◆ **EXERCISE BRIEF**: Go through the entries below and copy each line that holds the word "Measurements".

◆ **INPUT DATA**:
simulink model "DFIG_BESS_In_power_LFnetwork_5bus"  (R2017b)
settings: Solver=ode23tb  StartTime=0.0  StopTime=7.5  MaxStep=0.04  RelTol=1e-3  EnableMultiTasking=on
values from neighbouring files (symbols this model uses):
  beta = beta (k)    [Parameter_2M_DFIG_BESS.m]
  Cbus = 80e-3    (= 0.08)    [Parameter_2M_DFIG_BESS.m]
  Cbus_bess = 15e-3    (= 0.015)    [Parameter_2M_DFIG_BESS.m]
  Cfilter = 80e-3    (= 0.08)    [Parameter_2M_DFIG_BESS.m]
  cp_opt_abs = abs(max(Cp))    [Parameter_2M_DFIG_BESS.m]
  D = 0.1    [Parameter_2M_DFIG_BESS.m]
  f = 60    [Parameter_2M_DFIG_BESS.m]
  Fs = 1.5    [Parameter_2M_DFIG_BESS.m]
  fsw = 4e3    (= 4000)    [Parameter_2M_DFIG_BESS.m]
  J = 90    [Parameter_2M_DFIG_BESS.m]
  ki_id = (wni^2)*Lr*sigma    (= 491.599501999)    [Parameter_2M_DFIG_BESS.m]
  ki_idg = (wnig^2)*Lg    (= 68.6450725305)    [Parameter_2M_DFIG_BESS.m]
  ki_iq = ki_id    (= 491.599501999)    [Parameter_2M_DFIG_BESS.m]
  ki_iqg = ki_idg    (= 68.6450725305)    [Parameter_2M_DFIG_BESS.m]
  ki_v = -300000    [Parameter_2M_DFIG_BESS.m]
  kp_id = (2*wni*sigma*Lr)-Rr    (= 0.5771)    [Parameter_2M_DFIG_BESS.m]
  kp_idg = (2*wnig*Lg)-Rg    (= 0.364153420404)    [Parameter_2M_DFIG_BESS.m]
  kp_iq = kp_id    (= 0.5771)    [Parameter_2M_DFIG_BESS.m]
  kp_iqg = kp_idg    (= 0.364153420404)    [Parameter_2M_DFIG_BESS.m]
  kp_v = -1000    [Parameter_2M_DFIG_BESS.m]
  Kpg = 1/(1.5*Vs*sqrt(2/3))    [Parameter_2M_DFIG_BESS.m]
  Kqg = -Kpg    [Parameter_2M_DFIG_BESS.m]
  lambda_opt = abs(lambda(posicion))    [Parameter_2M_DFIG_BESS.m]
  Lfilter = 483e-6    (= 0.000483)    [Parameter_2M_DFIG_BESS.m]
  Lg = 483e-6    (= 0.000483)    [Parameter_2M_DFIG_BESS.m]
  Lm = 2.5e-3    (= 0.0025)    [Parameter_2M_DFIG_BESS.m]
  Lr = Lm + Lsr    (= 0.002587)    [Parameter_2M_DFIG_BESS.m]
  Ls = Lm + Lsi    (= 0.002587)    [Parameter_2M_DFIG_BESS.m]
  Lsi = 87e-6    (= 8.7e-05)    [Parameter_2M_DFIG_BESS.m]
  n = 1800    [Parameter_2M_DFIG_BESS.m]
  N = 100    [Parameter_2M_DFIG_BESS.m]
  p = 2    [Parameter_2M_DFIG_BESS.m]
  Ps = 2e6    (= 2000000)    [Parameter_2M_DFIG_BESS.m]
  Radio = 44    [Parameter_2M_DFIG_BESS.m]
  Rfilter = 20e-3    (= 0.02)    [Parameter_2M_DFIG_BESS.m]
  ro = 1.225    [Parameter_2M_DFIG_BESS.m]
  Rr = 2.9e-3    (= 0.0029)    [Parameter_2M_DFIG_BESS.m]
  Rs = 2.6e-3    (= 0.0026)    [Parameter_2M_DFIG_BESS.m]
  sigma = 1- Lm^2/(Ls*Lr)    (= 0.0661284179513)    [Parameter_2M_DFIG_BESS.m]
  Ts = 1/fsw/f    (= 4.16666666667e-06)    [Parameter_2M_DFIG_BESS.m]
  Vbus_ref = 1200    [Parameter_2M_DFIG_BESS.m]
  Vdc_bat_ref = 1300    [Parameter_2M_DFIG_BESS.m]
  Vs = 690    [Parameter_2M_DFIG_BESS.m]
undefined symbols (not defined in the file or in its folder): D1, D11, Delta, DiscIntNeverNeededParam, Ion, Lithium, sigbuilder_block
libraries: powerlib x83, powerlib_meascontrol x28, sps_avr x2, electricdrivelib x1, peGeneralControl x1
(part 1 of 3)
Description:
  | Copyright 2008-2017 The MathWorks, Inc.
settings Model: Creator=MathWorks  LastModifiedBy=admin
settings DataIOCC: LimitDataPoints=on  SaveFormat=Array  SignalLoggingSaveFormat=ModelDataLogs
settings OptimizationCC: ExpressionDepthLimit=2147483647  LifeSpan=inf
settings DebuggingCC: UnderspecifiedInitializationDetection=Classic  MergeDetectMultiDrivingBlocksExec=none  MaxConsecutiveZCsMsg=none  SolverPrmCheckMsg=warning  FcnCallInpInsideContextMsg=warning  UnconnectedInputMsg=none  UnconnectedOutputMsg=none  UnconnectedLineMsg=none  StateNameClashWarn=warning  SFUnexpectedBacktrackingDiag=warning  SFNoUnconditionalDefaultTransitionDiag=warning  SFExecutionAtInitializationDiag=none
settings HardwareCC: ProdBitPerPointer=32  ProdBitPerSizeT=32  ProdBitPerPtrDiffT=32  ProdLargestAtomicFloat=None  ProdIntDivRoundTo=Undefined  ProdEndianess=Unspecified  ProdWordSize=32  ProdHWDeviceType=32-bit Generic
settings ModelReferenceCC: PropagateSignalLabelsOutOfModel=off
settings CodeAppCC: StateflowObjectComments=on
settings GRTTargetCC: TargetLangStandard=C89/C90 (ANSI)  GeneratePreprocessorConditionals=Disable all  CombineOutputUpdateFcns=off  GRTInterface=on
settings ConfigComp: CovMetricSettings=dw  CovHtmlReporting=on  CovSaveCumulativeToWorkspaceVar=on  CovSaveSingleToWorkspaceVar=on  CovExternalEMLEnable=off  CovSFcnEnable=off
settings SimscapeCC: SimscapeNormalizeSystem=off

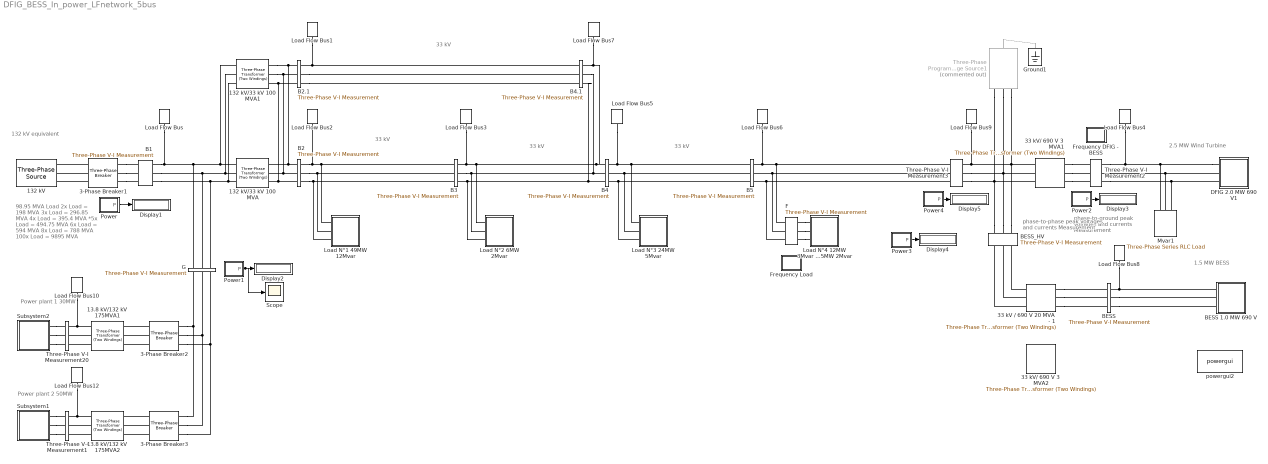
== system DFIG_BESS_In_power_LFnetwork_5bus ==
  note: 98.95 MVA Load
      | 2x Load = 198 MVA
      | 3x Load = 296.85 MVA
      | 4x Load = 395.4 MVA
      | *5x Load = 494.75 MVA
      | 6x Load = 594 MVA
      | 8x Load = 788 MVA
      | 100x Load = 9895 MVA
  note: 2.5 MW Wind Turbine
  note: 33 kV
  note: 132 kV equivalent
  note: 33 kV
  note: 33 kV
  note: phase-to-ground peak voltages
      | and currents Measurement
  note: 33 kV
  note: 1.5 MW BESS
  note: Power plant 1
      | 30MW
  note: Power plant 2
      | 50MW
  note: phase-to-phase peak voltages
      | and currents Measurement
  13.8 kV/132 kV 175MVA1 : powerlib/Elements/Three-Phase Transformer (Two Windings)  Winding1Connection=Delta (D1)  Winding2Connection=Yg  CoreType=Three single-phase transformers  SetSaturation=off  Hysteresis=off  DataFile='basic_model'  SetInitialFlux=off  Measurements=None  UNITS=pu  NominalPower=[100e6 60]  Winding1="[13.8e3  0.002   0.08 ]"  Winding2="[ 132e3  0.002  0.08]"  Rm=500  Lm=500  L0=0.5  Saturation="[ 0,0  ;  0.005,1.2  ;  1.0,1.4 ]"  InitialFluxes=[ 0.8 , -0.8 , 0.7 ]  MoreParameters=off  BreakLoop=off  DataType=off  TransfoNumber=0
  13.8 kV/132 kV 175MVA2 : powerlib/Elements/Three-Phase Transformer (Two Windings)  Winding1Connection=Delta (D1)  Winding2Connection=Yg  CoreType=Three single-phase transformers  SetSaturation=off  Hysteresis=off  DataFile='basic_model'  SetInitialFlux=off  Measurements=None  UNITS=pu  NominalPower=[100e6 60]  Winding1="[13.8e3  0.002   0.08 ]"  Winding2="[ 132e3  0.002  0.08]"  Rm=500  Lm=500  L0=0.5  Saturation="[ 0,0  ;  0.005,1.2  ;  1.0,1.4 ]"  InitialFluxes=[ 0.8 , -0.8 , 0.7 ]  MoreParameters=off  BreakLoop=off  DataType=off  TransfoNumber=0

◆ **OUTPUT OF THE TASK**:
  13.8 kV/132 kV 175MVA1 : powerlib/Elements/Three-Phase Transformer (Two Windings)  Winding1Connection=Delta (D1)  Winding2Connection=Yg  CoreType=Three single-phase transformers  SetSaturation=off  Hysteresis=off  DataFile='basic_model'  SetInitialFlux=off  Measurements=None  UNITS=pu  NominalPower=[100e6 60]  Winding1="[13.8e3  0.002   0.08 ]"  Winding2="[ 132e3  0.002  0.08]"  Rm=500  Lm=500  L0=0.5  Saturation="[ 0,0  ;  0.005,1.2  ;  1.0,1.4 ]"  InitialFluxes=[ 0.8 , -0.8 , 0.7 ]  MoreParameters=off  BreakLoop=off  DataType=off  TransfoNumber=0
  13.8 kV/132 kV 175MVA2 : powerlib/Elements/Three-Phase Transformer (Two Windings)  Winding1Connection=Delta (D1)  Winding2Connection=Yg  CoreType=Three single-phase transformers  SetSaturation=off  Hysteresis=off  DataFile='basic_model'  SetInitialFlux=off  Measurements=None  UNITS=pu  NominalPower=[100e6 60]  Winding1="[13.8e3  0.002   0.08 ]"  Winding2="[ 132e3  0.002  0.08]"  Rm=500  Lm=500  L0=0.5  Saturation="[ 0,0  ;  0.005,1.2  ;  1.0,1.4 ]"  InitialFluxes=[ 0.8 , -0.8 , 0.7 ]  MoreParameters=off  BreakLoop=off  DataType=off  TransfoNumber=0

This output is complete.